Beginning at the top of the data below, restate every line word for word until the line containing "doc.units = ezdxf.units.MM" has been included, and omit the pictures.

Data records:
____________________

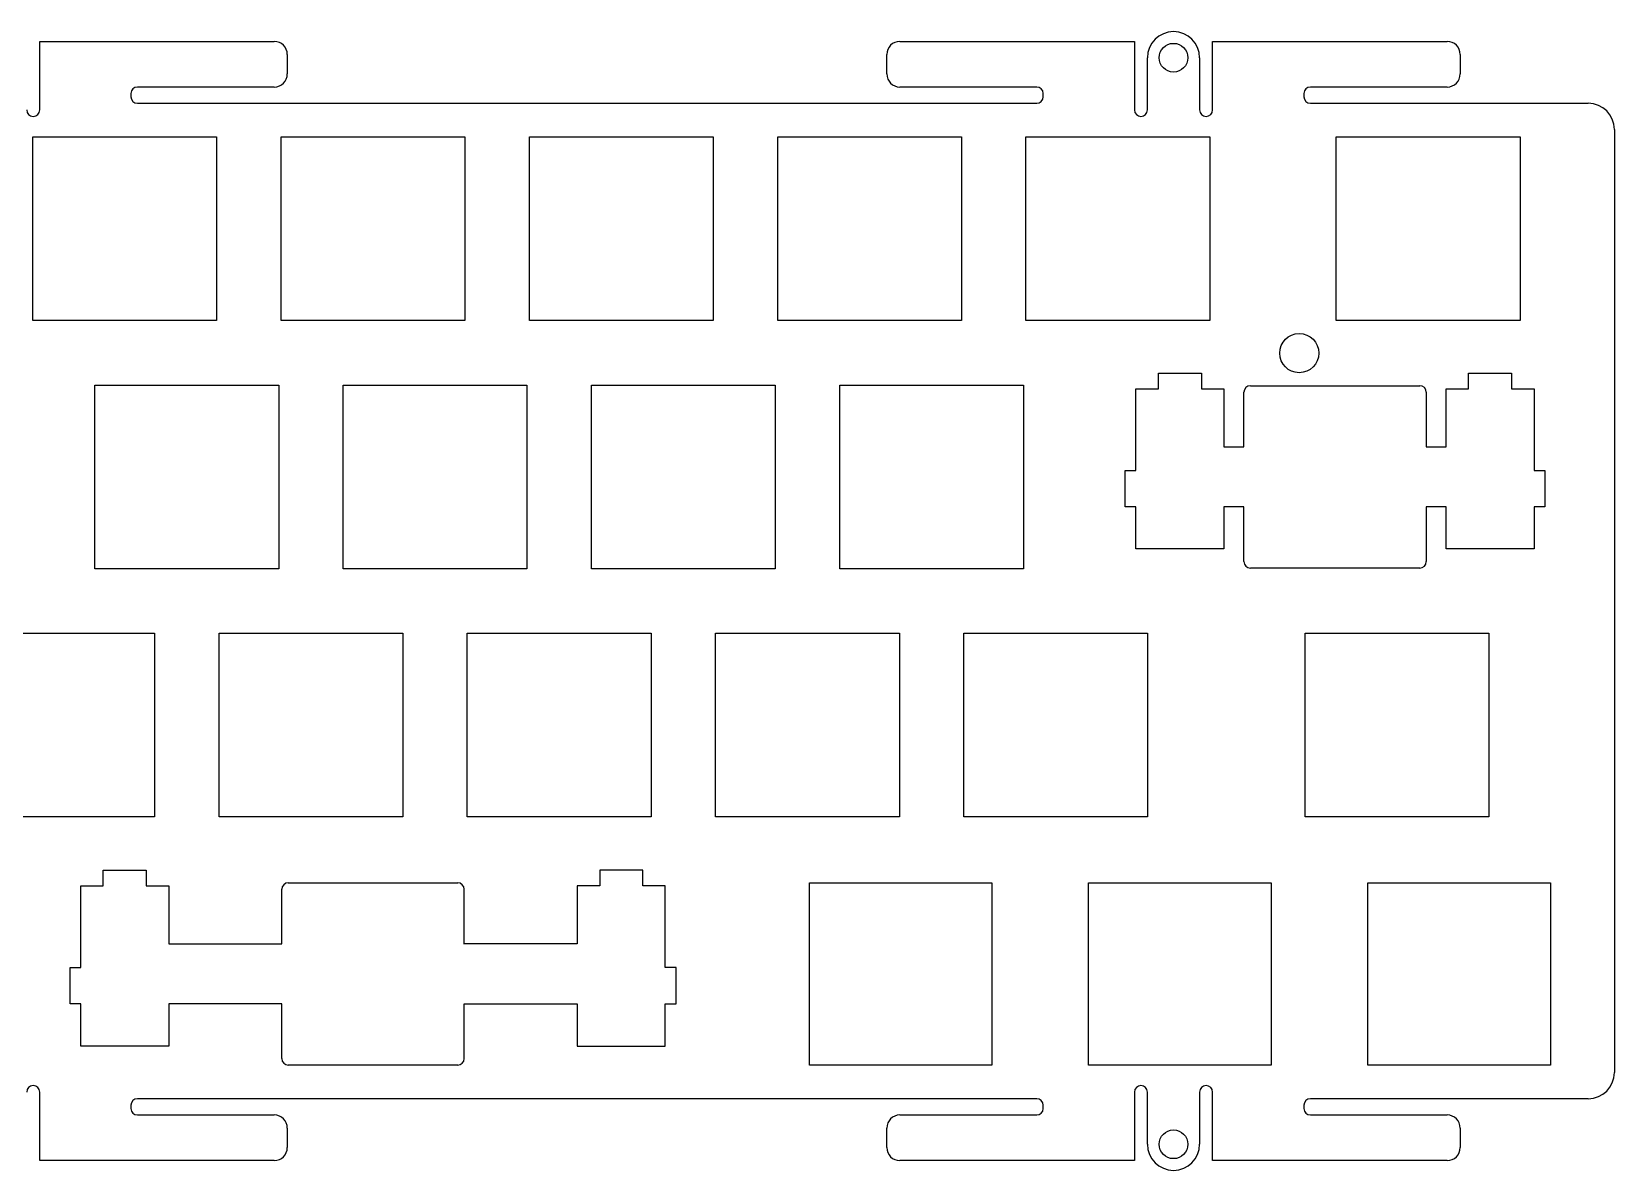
# Model space of a CAD drawing. Header units: millimetres. Extents: x -284 to -36, y -35 to 52.
# Drawn here: x -157.6 to -36.1, y -35.4 to 52 of the extents above; entities that cross this region are included whole.
import ezdxf

# ---------------------------------------------------------------- set-up
doc = ezdxf.new("R2010")
doc.units = ezdxf.units.MM
for name, color, linetype in [('Shape10236', 7, 'CONTINUOUS'), ('Shape10237', 7, 'CONTINUOUS'), ('Shape10238', 7, 'CONTINUOUS'), ('Shape10239', 7, 'CONTINUOUS'), ('Shape10240', 7, 'CONTINUOUS'), ('Shape10241', 7, 'CONTINUOUS'), ('Shape10242', 7, 'CONTINUOUS'), ('Shape10243', 7, 'CONTINUOUS'), ('Shape10244', 7, 'CONTINUOUS'), ('Shape10245', 7, 'CONTINUOUS'), ('Shape10246', 7, 'CONTINUOUS'), ('Shape10247', 7, 'CONTINUOUS'), ('Shape10248', 7, 'CONTINUOUS'), ('Shape10249', 7, 'CONTINUOUS'), ('Shape10250', 7, 'CONTINUOUS'), ('Shape10251', 7, 'CONTINUOUS'), ('Shape10252', 7, 'CONTINUOUS'), ('Shape10253', 7, 'CONTINUOUS'), ('Shape10254', 7, 'CONTINUOUS'), ('Shape10255', 7, 'CONTINUOUS'), ('Shape10256', 7, 'CONTINUOUS'), ('Shape10257', 7, 'CONTINUOUS'), ('Shape10258', 7, 'CONTINUOUS'), ('Shape10259', 7, 'CONTINUOUS'), ('Shape10260', 7, 'CONTINUOUS'), ('Shape10261', 7, 'CONTINUOUS'), ('Shape10262', 7, 'CONTINUOUS'), ('Shape10263', 7, 'CONTINUOUS'), ('Shape10264', 7, 'CONTINUOUS'), ('Shape10265', 7, 'CONTINUOUS'), ('Shape10266', 7, 'CONTINUOUS'), ('Shape10267', 7, 'CONTINUOUS'), ('Shape10268', 7, 'CONTINUOUS'), ('Shape10269', 7, 'CONTINUOUS'), ('Shape10270', 7, 'CONTINUOUS'), ('Shape10271', 7, 'CONTINUOUS'), ('Shape10272', 7, 'CONTINUOUS'), ('Shape10273', 7, 'CONTINUOUS'), ('Shape10274', 7, 'CONTINUOUS'), ('Shape10275', 7, 'CONTINUOUS'), ('Shape10472', 7, 'CONTINUOUS'), ('Shape10473', 7, 'CONTINUOUS'), ('Shape10474', 7, 'CONTINUOUS'), ('Shape10475', 7, 'CONTINUOUS'), ('Shape10476', 7, 'CONTINUOUS'), ('Shape10477', 7, 'CONTINUOUS'), ('Shape10478', 7, 'CONTINUOUS'), ('Shape10479', 7, 'CONTINUOUS'), ('Shape10480', 7, 'CONTINUOUS'), ('Shape10481', 7, 'CONTINUOUS'), ('Shape10482', 7, 'CONTINUOUS'), ('Shape10483', 7, 'CONTINUOUS'), ('Shape10484', 7, 'CONTINUOUS'), ('Shape10485', 7, 'CONTINUOUS'), ('Shape10486', 7, 'CONTINUOUS'), ('Shape10487', 7, 'CONTINUOUS'), ('Shape10488', 7, 'CONTINUOUS'), ('Shape10489', 7, 'CONTINUOUS'), ('Shape10490', 7, 'CONTINUOUS'), ('Shape10491', 7, 'CONTINUOUS'), ('Shape10492', 7, 'CONTINUOUS'), ('Shape10493', 7, 'CONTINUOUS'), ('Shape10494', 7, 'CONTINUOUS'), ('Shape10495', 7, 'CONTINUOUS'), ('Shape10496', 7, 'CONTINUOUS'), ('Shape10497', 7, 'CONTINUOUS'), ('Shape10498', 7, 'CONTINUOUS'), ('Shape10499', 7, 'CONTINUOUS'), ('Shape10500', 7, 'CONTINUOUS'), ('Shape10501', 7, 'CONTINUOUS'), ('Shape10502', 7, 'CONTINUOUS'), ('Shape10503', 7, 'CONTINUOUS'), ('Shape10504', 7, 'CONTINUOUS'), ('Shape10505', 7, 'CONTINUOUS'), ('Shape10506', 7, 'CONTINUOUS'), ('Shape10507', 7, 'CONTINUOUS'), ('Shape10508', 7, 'CONTINUOUS'), ('Shape10509', 7, 'CONTINUOUS'), ('Shape10510', 7, 'CONTINUOUS'), ('Shape10511', 7, 'CONTINUOUS'), ('Shape12738', 7, 'CONTINUOUS'), ('Shape8472', 7, 'CONTINUOUS'), ('Shape8473', 7, 'CONTINUOUS'), ('Shape8474', 7, 'CONTINUOUS'), ('Shape8475', 7, 'CONTINUOUS'), ('Shape8476', 7, 'CONTINUOUS'), ('Shape8477', 7, 'CONTINUOUS'), ('Shape8478', 7, 'CONTINUOUS'), ('Shape8479', 7, 'CONTINUOUS'), ('Shape8480', 7, 'CONTINUOUS'), ('Shape8481', 7, 'CONTINUOUS'), ('Shape8482', 7, 'CONTINUOUS'), ('Shape8483', 7, 'CONTINUOUS'), ('Shape8508', 7, 'CONTINUOUS'), ('Shape8509', 7, 'CONTINUOUS'), ('Shape8510', 7, 'CONTINUOUS'), ('Shape8511', 7, 'CONTINUOUS'), ('Shape8524', 7, 'CONTINUOUS'), ('Shape8525', 7, 'CONTINUOUS'), ('Shape8526', 7, 'CONTINUOUS'), ('Shape8527', 7, 'CONTINUOUS'), ('Shape8528', 7, 'CONTINUOUS'), ('Shape8529', 7, 'CONTINUOUS'), ('Shape8530', 7, 'CONTINUOUS'), ('Shape8531', 7, 'CONTINUOUS'), ('Shape8532', 7, 'CONTINUOUS'), ('Shape8533', 7, 'CONTINUOUS'), ('Shape8534', 7, 'CONTINUOUS'), ('Shape8535', 7, 'CONTINUOUS'), ('Shape8536', 7, 'CONTINUOUS'), ('Shape8537', 7, 'CONTINUOUS'), ('Shape8538', 7, 'CONTINUOUS'), ('Shape8539', 7, 'CONTINUOUS'), ('Shape8540', 7, 'CONTINUOUS'), ('Shape8541', 7, 'CONTINUOUS'), ('Shape8542', 7, 'CONTINUOUS'), ('Shape8543', 7, 'CONTINUOUS'), ('Shape8545', 7, 'CONTINUOUS'), ('Shape8546', 7, 'CONTINUOUS'), ('Shape8547', 7, 'CONTINUOUS'), ('Shape8564', 7, 'CONTINUOUS'), ('Shape8565', 7, 'CONTINUOUS'), ('Shape8566', 7, 'CONTINUOUS'), ('Shape8567', 7, 'CONTINUOUS'), ('Shape8568', 7, 'CONTINUOUS'), ('Shape8569', 7, 'CONTINUOUS'), ('Shape8570', 7, 'CONTINUOUS'), ('Shape8571', 7, 'CONTINUOUS'), ('Shape8572', 7, 'CONTINUOUS'), ('Shape8573', 7, 'CONTINUOUS'), ('Shape8574', 7, 'CONTINUOUS'), ('Shape8575', 7, 'CONTINUOUS'), ('Shape8576', 7, 'CONTINUOUS'), ('Shape8577', 7, 'CONTINUOUS'), ('Shape8578', 7, 'CONTINUOUS'), ('Shape8579', 7, 'CONTINUOUS'), ('Shape8580', 7, 'CONTINUOUS'), ('Shape8581', 7, 'CONTINUOUS'), ('Shape8582', 7, 'CONTINUOUS'), ('Shape8583', 7, 'CONTINUOUS'), ('Shape8624', 7, 'CONTINUOUS'), ('Shape8625', 7, 'CONTINUOUS'), ('Shape8626', 7, 'CONTINUOUS'), ('Shape8627', 7, 'CONTINUOUS'), ('Shape8628', 7, 'CONTINUOUS'), ('Shape8629', 7, 'CONTINUOUS'), ('Shape8630', 7, 'CONTINUOUS'), ('Shape8631', 7, 'CONTINUOUS'), ('Shape8632', 7, 'CONTINUOUS'), ('Shape8633', 7, 'CONTINUOUS'), ('Shape8634', 7, 'CONTINUOUS'), ('Shape8635', 7, 'CONTINUOUS'), ('Shape8636', 7, 'CONTINUOUS'), ('Shape8637', 7, 'CONTINUOUS'), ('Shape8638', 7, 'CONTINUOUS'), ('Shape8639', 7, 'CONTINUOUS'), ('Shape9388', 7, 'CONTINUOUS'), ('Shape9389', 7, 'CONTINUOUS'), ('Shape9390', 7, 'CONTINUOUS'), ('Shape9391', 7, 'CONTINUOUS'), ('Shape9392', 7, 'CONTINUOUS'), ('Shape9393', 7, 'CONTINUOUS'), ('Shape9394', 7, 'CONTINUOUS'), ('Shape9395', 7, 'CONTINUOUS'), ('Shape9396', 7, 'CONTINUOUS'), ('Shape9397', 7, 'CONTINUOUS'), ('Shape9398', 7, 'CONTINUOUS'), ('Shape9399', 7, 'CONTINUOUS'), ('Shape9400', 7, 'CONTINUOUS'), ('Shape9401', 7, 'CONTINUOUS'), ('Shape9402', 7, 'CONTINUOUS'), ('Shape9403', 7, 'CONTINUOUS'), ('Shape9404', 7, 'CONTINUOUS'), ('Shape9405', 7, 'CONTINUOUS'), ('Shape9406', 7, 'CONTINUOUS'), ('Shape9407', 7, 'CONTINUOUS'), ('Shape9408', 7, 'CONTINUOUS'), ('Shape9409', 7, 'CONTINUOUS'), ('Shape9410', 7, 'CONTINUOUS'), ('Shape9411', 7, 'CONTINUOUS'), ('Shape9412', 7, 'CONTINUOUS'), ('Shape9413', 7, 'CONTINUOUS'), ('Shape9414', 7, 'CONTINUOUS'), ('Shape9415', 7, 'CONTINUOUS'), ('Shape9416', 7, 'CONTINUOUS'), ('Shape9417', 7, 'CONTINUOUS'), ('Shape9418', 7, 'CONTINUOUS'), ('Shape9419', 7, 'CONTINUOUS'), ('Shape9420', 7, 'CONTINUOUS'), ('Shape9421', 7, 'CONTINUOUS'), ('Shape9422', 7, 'CONTINUOUS'), ('Shape9423', 7, 'CONTINUOUS'), ('Shape9424', 7, 'CONTINUOUS'), ('Shape9425', 7, 'CONTINUOUS'), ('Shape9426', 7, 'CONTINUOUS'), ('Shape9427', 7, 'CONTINUOUS'), ('Shape9428', 7, 'CONTINUOUS'), ('Shape9429', 7, 'CONTINUOUS'), ('Shape9430', 7, 'CONTINUOUS'), ('Shape9431', 7, 'CONTINUOUS'), ('Shape9432', 7, 'CONTINUOUS'), ('Shape9433', 7, 'CONTINUOUS'), ('Shape9434', 7, 'CONTINUOUS'), ('Shape9435', 7, 'CONTINUOUS'), ('Shape9436', 7, 'CONTINUOUS'), ('Shape9437', 7, 'CONTINUOUS'), ('Shape9438', 7, 'CONTINUOUS'), ('Shape9439', 7, 'CONTINUOUS'), ('Shape9440', 7, 'CONTINUOUS'), ('Shape9441', 7, 'CONTINUOUS'), ('Shape9442', 7, 'CONTINUOUS'), ('Shape9443', 7, 'CONTINUOUS'), ('Shape9444', 7, 'CONTINUOUS'), ('Shape9445', 7, 'CONTINUOUS'), ('Shape9446', 7, 'CONTINUOUS'), ('Shape9447', 7, 'CONTINUOUS'), ('Shape9448', 7, 'CONTINUOUS'), ('Shape9449', 7, 'CONTINUOUS'), ('Shape9450', 7, 'CONTINUOUS'), ('Shape9451', 7, 'CONTINUOUS'), ('Shape9452', 7, 'CONTINUOUS'), ('Shape9453', 7, 'CONTINUOUS'), ('Shape9454', 7, 'CONTINUOUS'), ('Shape9455', 7, 'CONTINUOUS'), ('Shape9535', 7, 'CONTINUOUS'), ('Shape9536', 7, 'CONTINUOUS'), ('Shape9537', 7, 'CONTINUOUS'), ('Shape9538', 7, 'CONTINUOUS'), ('Shape9539', 7, 'CONTINUOUS'), ('Shape9540', 7, 'CONTINUOUS'), ('Shape9543', 7, 'CONTINUOUS')]:
    doc.layers.add(name, color=color, linetype=linetype)

msp = doc.modelspace()

# ---------------------------------------------------------------- linework, layer by layer
at = {"layer": 'Shape10236'}
msp.add_line((-138.395, -26.8558), (-138.395, -22.6554), dxfattribs=at)
at = {"layer": 'Shape10237'}
msp.add_arc((-137.895, -26.8558), 0.5, 180, -90, dxfattribs=at)
at = {"layer": 'Shape10238'}
msp.add_line((-138.395, -22.6554), (-147.07, -22.6554), dxfattribs=at)
at = {"layer": 'Shape10239'}
msp.add_line((-147.07, -22.6554), (-147.07, -25.8856), dxfattribs=at)
at = {"layer": 'Shape10240'}
msp.add_line((-147.07, -25.8856), (-153.821, -25.8856), dxfattribs=at)
at = {"layer": 'Shape10241'}
msp.add_line((-153.821, -25.8856), (-153.821, -22.6554), dxfattribs=at)
at = {"layer": 'Shape10242'}
msp.add_line((-153.821, -22.6554), (-154.645, -22.6554), dxfattribs=at)
at = {"layer": 'Shape10243'}
msp.add_line((-154.645, -22.6554), (-154.645, -19.8566), dxfattribs=at)
at = {"layer": 'Shape10244'}
msp.add_line((-154.645, -19.8566), (-153.821, -19.8566), dxfattribs=at)
at = {"layer": 'Shape10245'}
msp.add_line((-153.821, -19.8566), (-153.821, -13.5866), dxfattribs=at)
at = {"layer": 'Shape10246'}
msp.add_line((-153.821, -13.5866), (-152.096, -13.5866), dxfattribs=at)
at = {"layer": 'Shape10247'}
msp.add_line((-152.096, -13.5866), (-152.096, -12.3863), dxfattribs=at)
at = {"layer": 'Shape10248'}
msp.add_line((-152.096, -12.3863), (-148.796, -12.3863), dxfattribs=at)
at = {"layer": 'Shape10249'}
msp.add_line((-148.796, -12.3863), (-148.796, -13.5866), dxfattribs=at)
at = {"layer": 'Shape10250'}
msp.add_line((-148.796, -13.5866), (-147.07, -13.5866), dxfattribs=at)
at = {"layer": 'Shape10251'}
msp.add_line((-147.07, -13.5866), (-147.07, -18.0555), dxfattribs=at)
at = {"layer": 'Shape10252'}
msp.add_line((-147.07, -18.0555), (-138.395, -18.0555), dxfattribs=at)
at = {"layer": 'Shape10253'}
msp.add_line((-138.395, -18.0555), (-138.395, -13.8564), dxfattribs=at)
at = {"layer": 'Shape10254'}
msp.add_line((-137.895, -13.3564), (-124.896, -13.3564), dxfattribs=at)
at = {"layer": 'Shape10255'}
msp.add_arc((-137.895, -13.8564), 0.5, 90, 180, dxfattribs=at)
at = {"layer": 'Shape10256'}
msp.add_arc((-124.896, -26.8558), 0.5, -90, 0, dxfattribs=at)
at = {"layer": 'Shape10257'}
msp.add_line((-124.396, -26.8558), (-124.396, -22.6567), dxfattribs=at)
at = {"layer": 'Shape10258'}
msp.add_line((-124.396, -18.0568), (-124.396, -13.8564), dxfattribs=at)
at = {"layer": 'Shape10259'}
msp.add_line((-124.896, -27.3558), (-137.895, -27.3558), dxfattribs=at)
at = {"layer": 'Shape10260'}
msp.add_arc((-124.896, -13.8564), 0.5, 0, 90, dxfattribs=at)
at = {"layer": 'Shape10261'}
msp.add_line((-124.396, -22.6554), (-115.721, -22.6554), dxfattribs=at)
at = {"layer": 'Shape10262'}
msp.add_line((-115.721, -22.6554), (-115.721, -25.8856), dxfattribs=at)
at = {"layer": 'Shape10263'}
msp.add_line((-115.721, -25.8856), (-108.97, -25.8856), dxfattribs=at)
at = {"layer": 'Shape10264'}
msp.add_line((-108.97, -25.8856), (-108.97, -22.6554), dxfattribs=at)
at = {"layer": 'Shape10265'}
msp.add_line((-108.97, -22.6554), (-108.146, -22.6554), dxfattribs=at)
at = {"layer": 'Shape10266'}
msp.add_line((-108.146, -22.6554), (-108.146, -19.8566), dxfattribs=at)
at = {"layer": 'Shape10267'}
msp.add_line((-108.146, -19.8566), (-108.97, -19.8566), dxfattribs=at)
at = {"layer": 'Shape10268'}
msp.add_line((-108.97, -19.8566), (-108.97, -13.5866), dxfattribs=at)
at = {"layer": 'Shape10269'}
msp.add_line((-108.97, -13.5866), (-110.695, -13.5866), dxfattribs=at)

____________________

ANSWER TO THE PROBLEM ▸
# Model space of a CAD drawing. Header units: millimetres. Extents: x -284 to -36, y -35 to 52.
# Drawn here: x -157.6 to -36.1, y -35.4 to 52 of the extents above; entities that cross this region are included whole.
import ezdxf

# ---------------------------------------------------------------- set-up
doc = ezdxf.new("R2010")
doc.units = ezdxf.units.MM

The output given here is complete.